DATA EXTRACT START
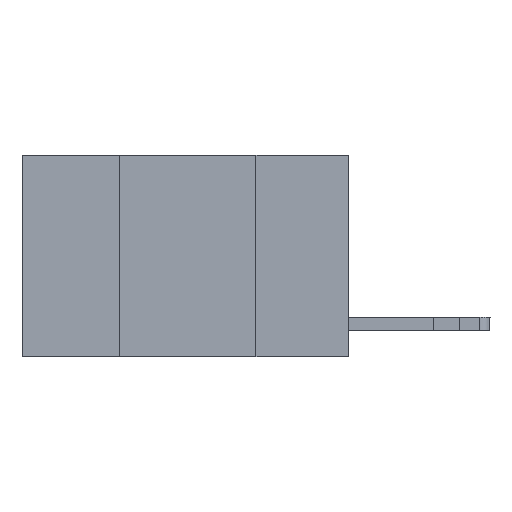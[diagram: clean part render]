
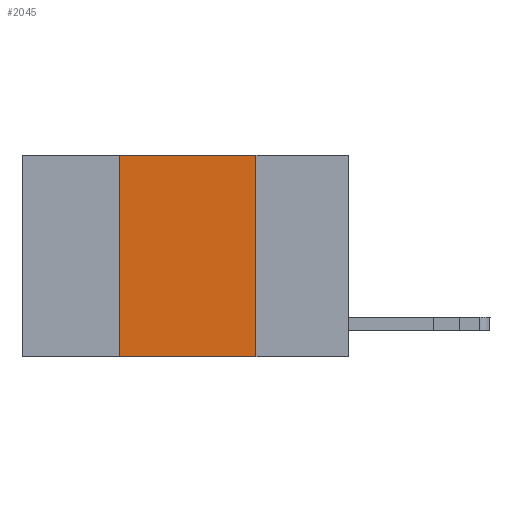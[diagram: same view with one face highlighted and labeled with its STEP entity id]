
A CAD part, left-side view. The second image highlights one B-rep face of the part: STEP entity #2045.
In plain terms, the highlighted planar face has unit normal (-1, 0, 0).
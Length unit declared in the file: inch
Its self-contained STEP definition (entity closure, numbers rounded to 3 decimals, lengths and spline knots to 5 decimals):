
#67 = VECTOR ( 'NONE', #16976, 39.37008 ) ;
#356 = PLANE ( 'NONE',  #5815 ) ;
#1190 = EDGE_CURVE ( 'NONE', #6687, #2074, #1259, .T. ) ;
#1259 = LINE ( 'NONE', #7367, #15502 ) ;
#1353 = VERTEX_POINT ( 'NONE', #7838 ) ;
#2045 = ADVANCED_FACE ( 'NONE', ( #4580 ), #356, .F. ) ;
#2074 = VERTEX_POINT ( 'NONE', #13418 ) ;
#2778 = CARTESIAN_POINT ( 'NONE',  ( 0., 0.42, 0. ) ) ;
#3140 = VECTOR ( 'NONE', #4205, 39.37008 ) ;
#3843 = VERTEX_POINT ( 'NONE', #14592 ) ;
#4205 = DIRECTION ( 'NONE',  ( 0., 0., 1. ) ) ;
#4343 = EDGE_CURVE ( 'NONE', #3843, #1353, #4748, .T. ) ;
#4580 = FACE_OUTER_BOUND ( 'NONE', #6097, .T. ) ;
#4748 = LINE ( 'NONE', #15572, #67 ) ;
#5815 = AXIS2_PLACEMENT_3D ( 'NONE', #9530, #9074, #6053 ) ;
#6053 = DIRECTION ( 'NONE',  ( 0., 0., -1. ) ) ;
#6097 = EDGE_LOOP ( 'NONE', ( #17125, #12181, #18283, #6496 ) ) ;
#6334 = LINE ( 'NONE', #9762, #17177 ) ;
#6496 = ORIENTED_EDGE ( 'NONE', *, *, #4343, .T. ) ;
#6687 = VERTEX_POINT ( 'NONE', #14687 ) ;
#7367 = CARTESIAN_POINT ( 'NONE',  ( 0., 0.6, 0. ) ) ;
#7838 = CARTESIAN_POINT ( 'NONE',  ( 0., 0.17, -0.37 ) ) ;
#9074 = DIRECTION ( 'NONE',  ( 1., 0., 0. ) ) ;
#9427 = DIRECTION ( 'NONE',  ( 0., -1., 0. ) ) ;
#9530 = CARTESIAN_POINT ( 'NONE',  ( 0., 0.6, 0. ) ) ;
#9762 = CARTESIAN_POINT ( 'NONE',  ( 0., 0.17, 0. ) ) ;
#12181 = ORIENTED_EDGE ( 'NONE', *, *, #1190, .F. ) ;
#13418 = CARTESIAN_POINT ( 'NONE',  ( 0., 0.17, 0. ) ) ;
#14020 = LINE ( 'NONE', #2778, #3140 ) ;
#14039 = DIRECTION ( 'NONE',  ( 0., 0., -1. ) ) ;
#14592 = CARTESIAN_POINT ( 'NONE',  ( 0., 0.42, -0.37 ) ) ;
#14687 = CARTESIAN_POINT ( 'NONE',  ( 0., 0.42, 0. ) ) ;
#15502 = VECTOR ( 'NONE', #9427, 39.37008 ) ;
#15549 = EDGE_CURVE ( 'NONE', #2074, #1353, #6334, .T. ) ;
#15572 = CARTESIAN_POINT ( 'NONE',  ( 0., 0.6, -0.37 ) ) ;
#16976 = DIRECTION ( 'NONE',  ( 0., -1., 0. ) ) ;
#17125 = ORIENTED_EDGE ( 'NONE', *, *, #15549, .F. ) ;
#17177 = VECTOR ( 'NONE', #14039, 39.37008 ) ;
#18094 = EDGE_CURVE ( 'NONE', #3843, #6687, #14020, .T. ) ;
#18283 = ORIENTED_EDGE ( 'NONE', *, *, #18094, .F. ) ;
DATA EXTRACT END
### TASK INSTRUCTIONS
Among the entries, count the lines that hold "unit". Reply with the count only.

### TASK OUTPUT
2